What I want to do, is to extract the start position and stop position only, discard non essential data and obtain something like this

['stop_codon', '3665', '3667', 'g1.t1']
['start_codon', '6718', '6720', 'g1.t1']
['start_codon', '7534', '7536', 'g2.t1']
['stop_codon', '8099', '8101', 'g2.t1']
['stop_codon', '8621', '8623', 'g3.t1']
['start_codon', '12105', '12107', 'g3.t1']
['stop_codon', '8621', '8623', 'g3.t2']
['start_codon', '12105', '12107', 'g3.t2']
...

I could successfully complete this using the following script:

import re
from operator import itemgetter

DataFile = "/mnt/SSD2/Python/Gene Cluster/CruSTS5Cop.gtf"

#Definition

def Status(Lines):
    global StartLines, StopLines
    if "start_codon" in Lines:
        StartLines = Lines
        #print(StartLines[2]) #To print value index 2
        print(StartLines)
    else:
        StopLines = Lines
        print(StopLines)

#Begining of the script
with open (DataFile, "r") as GCData:
    Data = GCData.readlines()
        
    for Lines in Data:
        Lines = Lines.strip() #Remove return to line at the end
        Lines = re.sub("\s+", "\t", Lines) #Replace multiple spaces by a tabulation
        Lines = re.sub(";", "", Lines) #Replace ; by nothing ("")
        Lines = re.sub('"', "", Lines) #Replace " by nothing ("")

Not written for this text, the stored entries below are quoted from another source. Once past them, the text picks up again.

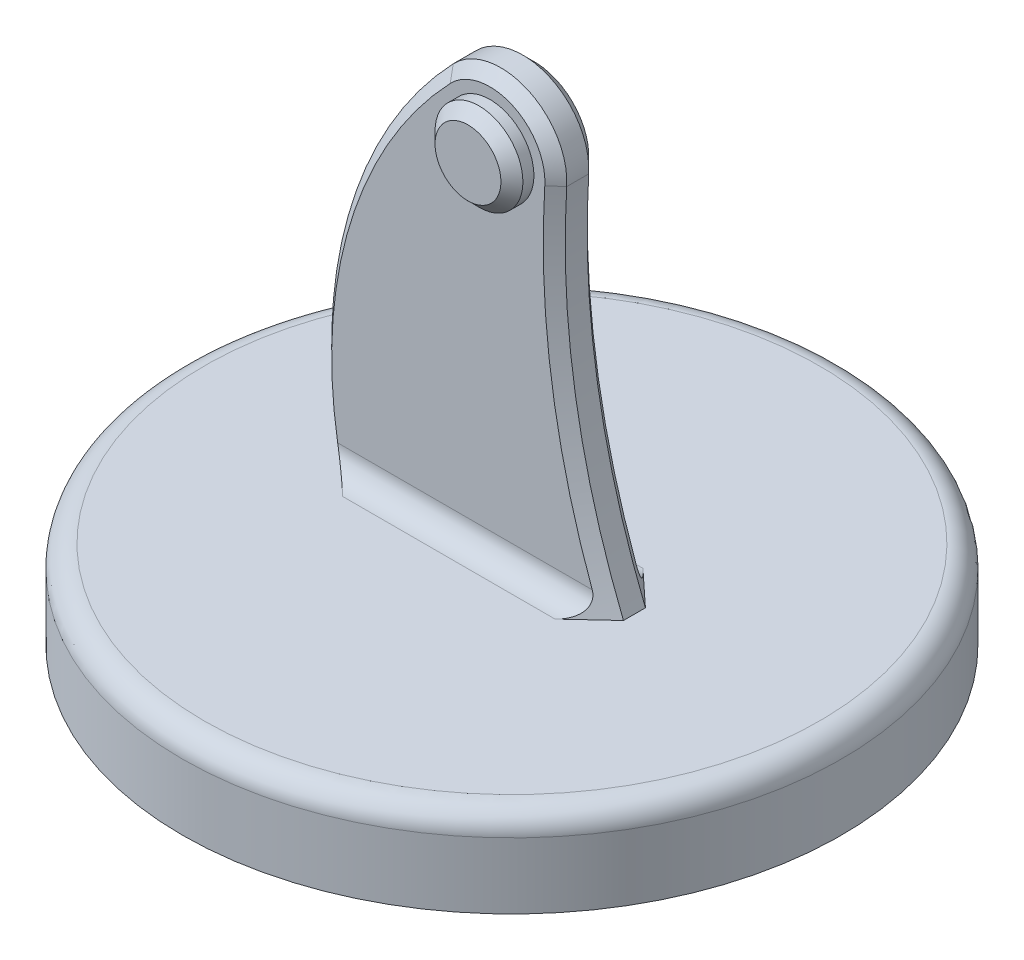
SolidWorks part; units mm, degrees
material "PE High Density"
ref_plane "Front Plane" through (0, 0, 0) normal (0, 0, 1) x (1, 0, 0)
ref_plane "Top Plane" through (0, 0, 0) normal (0, 1, 0) x (1, 0, 0)
ref_plane "Right Plane" through (0, 0, 0) normal (1, 0, 0) x (0, 0, -1)
sketch "Sketch1" plane through (0, 0, 0) normal (0, 1, 0) x (1, 0, 0)
  circle A0 centre (0, 0) radius 75
  dimension "D1" = 150
extrude "Boss-Extrude1" add sketch "Sketch1" along normal blind 20
fillet "Fillet1" radius 5 1 edges at (0, 20, 75)
sketch "Sketch2" plane through (0, 0, 0) normal (0, 0, 1) x (1, 0, 0)
  line L0 (0, 0) -> (0, 100) construction
  line L2 (-75, 15) -> (75, 15) construction
  line L3 (-35, 15) -> (30, 15)
  arc A0 (14.9706, 99.062) -> (-10.8492, 110.3583) centre (0, 100) ccw
  arc A1 (-35, 15) -> (-10.8492, 110.3583) centre (61.4788, 41.3028) cw
  arc A2 (30, 15) -> (14.9706, 99.062) centre (194.6184, 87.8065) cw
  dimension "D4" = 30
  dimension "D5" = 30
  dimension "D6" = 180
  dimension "D2" = 100
  dimension "D1" = 35
  dimension "D3" = 100
extrude "Boss-Extrude2" add sketch "Sketch2" along normal mid plane 10
chamfer "Chamfer1" distance 2.5 angle 45 6 edges at (16.9703, 58.8038, 5) (-34.7965, 68.3412, 5) (6.0123, 113.7423, 5) (-34.7965, 68.3412, -5) (6.0123, 113.7423, -5) (16.9703, 58.8038, -5)
fillet "Fillet2" radius 5 2 edges at (-4.2415, 20, 5) (-4.2415, 20, -5)
sketch "Sketch3" plane through (0, 0, 5) normal (0, 0, 1) x (1, 0, 0)
  circle A0 centre (0, 100) radius 10
  dimension "D1" = 20
extrude "Boss-Extrude3" add sketch "Sketch3" along normal blind 5
chamfer "Chamfer2" distance 2.5 angle 45 1 edges at (10, 100, 10)
sketch "Sketch4" plane through (0, 0, -5) normal (0, 0, -1) x (-1, 0, 0)
  circle A0 centre (0, 100) radius 5
  dimension "D1" = 10
extrude "Cut-Extrude1" cut sketch "Sketch4" against normal blind 10
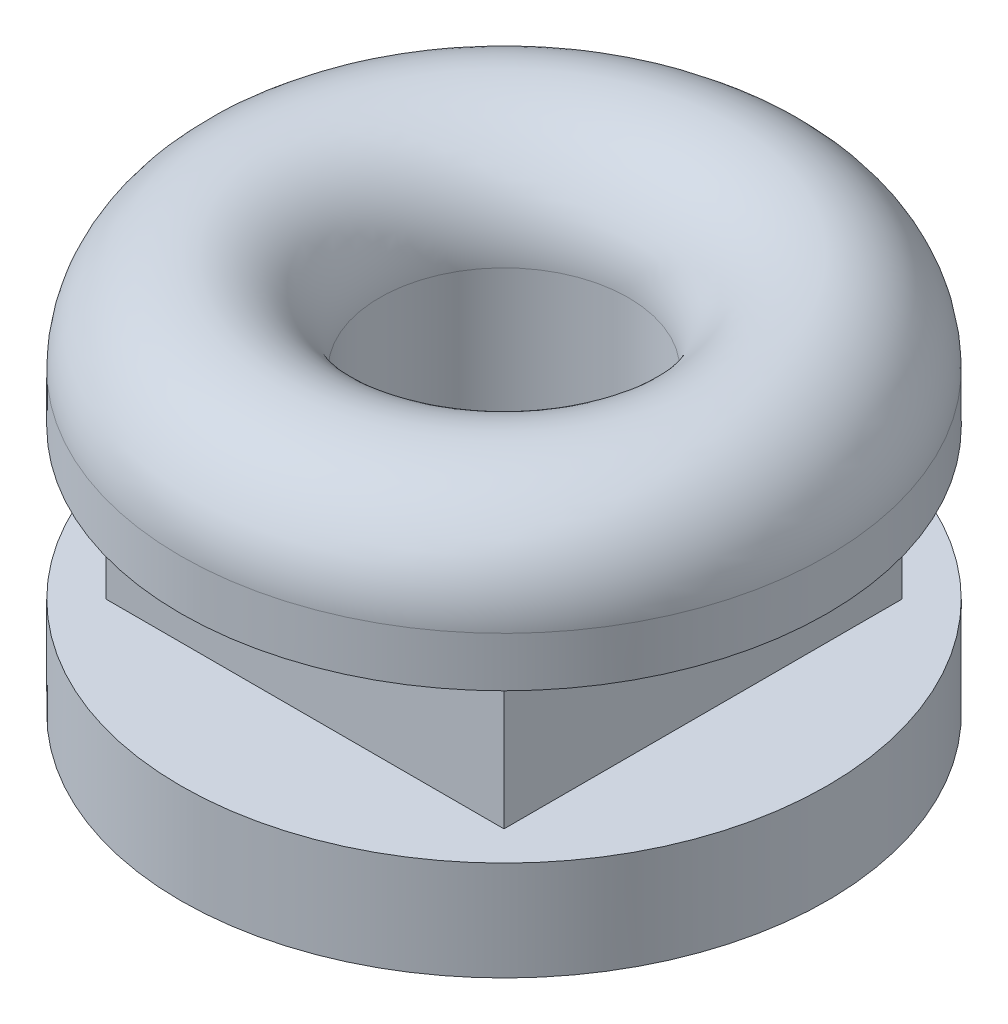
SolidWorks part; units mm, degrees
ref_plane "Спереди" through (0, 0, 0) normal (0, 0, 1) x (1, 0, 0)
ref_plane "Сверху" through (0, 0, 0) normal (0, 1, 0) x (1, 0, 0)
ref_plane "Справа" through (0, 0, 0) normal (1, 0, 0) x (0, 0, -1)
sketch "Sketch1" plane through (0, 0, 0) normal (0, 0, 1) x (1, 0, 0)
  line L0 (0, 0) -> (0, -8.7281) construction
  line L1 (-7.3364, 0) -> (3.3519, 0) construction
  line L3 (-2.5, -5) -> (-2.5, 1)
  line L8 (-2.5, -5) -> (-6.5, -5)
  line L9 (-6.5, -5) -> (-6.5, 1)
  arc A0 (-6.5, 1) -> (-2.5, 1) centre (-4.5, 1) cw
  dimension "D1" = 5
  dimension "D2" = 6
  dimension "D3" = 1
  dimension "D4" = 13
revolve "Revolve1" add sketch "Sketch1" angle 360 about L0
ref_plane "Plane2" through (0, -3, 0) normal (0, -1, 0) x (-1, 0, 0)
sketch "Sketch3" plane through (0, -3, 0) normal (0, -1, 0) x (-1, 0, 0)
  line L0 (0, 4.2945) -> (0, -3.6595) construction
  line L1 (-3.5563, 0) -> (4.0484, 0) construction
  line L3 (-4, 4) -> (4, 4)
  line L4 (-4, 4) -> (-4, -4)
  line L5 (-4, -4) -> (4, -4)
  line L6 (4, 4) -> (4, -4)
  circle A0 centre (0, 0) radius 6.5 construction
  circle A1 centre (0, 0) radius 6.5
  dimension "D1" = 8
extrude "Cut-Extrude1" cut sketch "Sketch3" against normal blind 3
ref_plane "Plane3" through (0, 0, 0) normal (0, -1, 0) x (-1, 0, 0)
sketch "Sketch4" plane through (0, 0, 0) normal (0, -1, 0) x (-1, 0, 0)
  line L0 (0, 6.81) -> (0, -7.516) construction
  line L1 (-8.42, 0) -> (10.0041, 0) construction
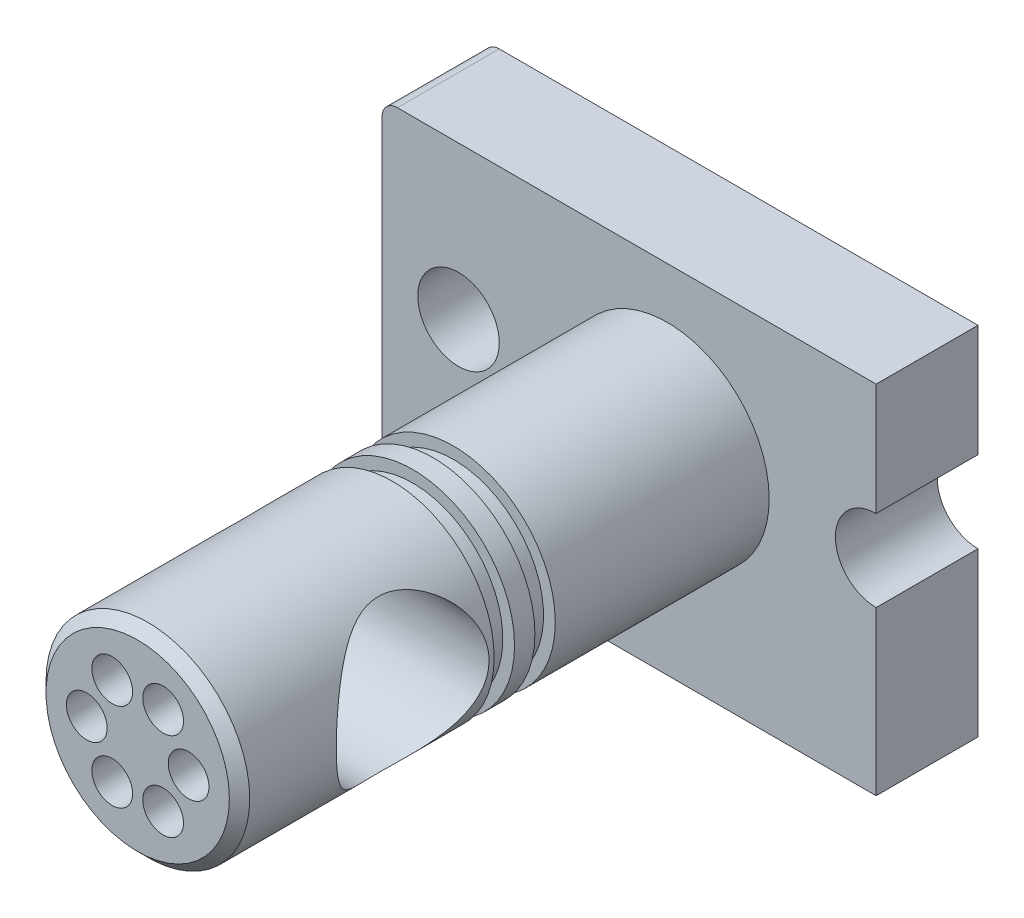
SolidWorks part; units mm, degrees
ref_plane "Front Plane" through (0, 0, 0) normal (0, 0, 1) x (1, 0, 0)
ref_plane "Top Plane" through (0, 0, 0) normal (0, 1, 0) x (1, 0, 0)
ref_plane "Right Plane" through (0, 0, 0) normal (1, 0, 0) x (0, 0, -1)
sketch "Sketch1" plane through (0, 0, 0) normal (0, 0, 1) x (1, 0, 0)
  line L0 (41, -8) -> (41, -40)
  line L1 (41, 30) -> (-56, 30)
  line L2 (41, 30) -> (41, 8)
  line L3 (41, -40) -> (-56, -40)
  line L4 (-56, 30) -> (-56, -40)
  circle A0 centre (-41, 0) radius 8
  arc A1 (41, 8) -> (41, -8) centre (41, 0) ccw
  point P9 (0, 0)
  dimension "D5" = 16
  dimension "D1" = 70
  dimension "D2" = 97
  dimension "D3" = 40
  dimension "D4" = 56
  dimension "D6" = 15
extrude "Boss-Extrude1" add sketch "Sketch1" along normal blind 20
sketch "Sketch2" plane through (0, 0, 20) normal (0, 0, 1) x (1, 0, 0)
  circle A0 centre (0, 0) radius 20
  dimension "D1" = 40
extrude "Boss-Extrude2" add sketch "Sketch2" along normal blind 104
sketch "Sketch3" plane through (0, 0, 0) normal (1, 0, 0) x (0, 0, -1)
  circle A0 centre (-90, 0) radius 15
  dimension "D1" = 30
  dimension "D2" = 90
extrude "Cut-Extrude1" cut sketch "Sketch3" against normal through all both and the other way through all
sketch "Sketch4" plane through (0, 0, 0) normal (1, 0, 0) x (0, 0, -1)
  line L0 (-20, 20) -> (-124, 20) construction
  line L1 (-74, 20) -> (-70, 20)
  line L2 (-74, 20) -> (-74, 17.7)
  line L3 (-74, 17.7) -> (-70, 17.7)
  line L4 (-70, 20) -> (-70, 17.7)
  line L5 (-20, 8) -> (-20, 30) construction
  line L6 (-66, 20) -> (-62, 20)
  line L7 (-66, 20) -> (-66, 17.7)
  line L8 (-66, 17.7) -> (-62, 17.7)
  line L9 (-62, 20) -> (-62, 17.7)
  line L10 (0, 0) -> (-133.7463, 0) construction
  dimension "D1" = 4
  dimension "D2" = 4
  dimension "D3" = 4
  dimension "D4" = 2.3
  dimension "D5" = 42
revolve "Cut-Revolve1" cut sketch "Sketch4" angle 360 about L10
sketch "Sketch5" plane through (0, 0, 124) normal (0, 0, 1) x (1, 0, 0)
  circle A0 centre (0, 0) radius 10 construction
  circle A1 centre (10, 0) radius 4
  dimension "D1" = 20
  dimension "D2" = 8
extrude "Cut-Extrude2" cut sketch "Sketch5" against normal blind 30
pattern_circular "CirPattern1" count 6 over 360 about axis through (0, 0, 0) along (0, 0, 1) of "Cut-Extrude2"
fillet "Fillet1" radius 3 2 edges at (-56, -40, 10) (-56, 30, 10)
chamfer "Chamfer1" distance 2 1 edges at (20, 0, 124)

        if re.findall(("start_codon|stop_codon"), Lines): #sorting using "|" as "or"
            Lines = Lines.split("\t") #Convert string to list
            IndexToKeep = [2, 3, 4, 9] #List of index to keep
            SingleLines = [Index for Index in Lines if Lines.index(Index) in IndexToKeep]

            Status(SingleLines)

Now, the next step for which I am asking your help, is to append the successive lists two by two to get something like this, match a start/stop with its successive stop/start list.

['stop_codon', '3665', '3667', 'g1.t1', 'start_codon', '6718', '6720', 'g1.t1']
['start_codon', '7534', '7536', 'g2.t1', 'stop_codon', '8099', '8101', 'g2.t1']
['stop_codon', '8621', '8623', 'g3.t1', 'start_codon', '12105', '12107', 'g3.t1']
['stop_codon', '8621', '8623', 'g3.t2', 'start_codon', '12105', '12107', 'g3.t2']

Any idea how I could obtain something like that?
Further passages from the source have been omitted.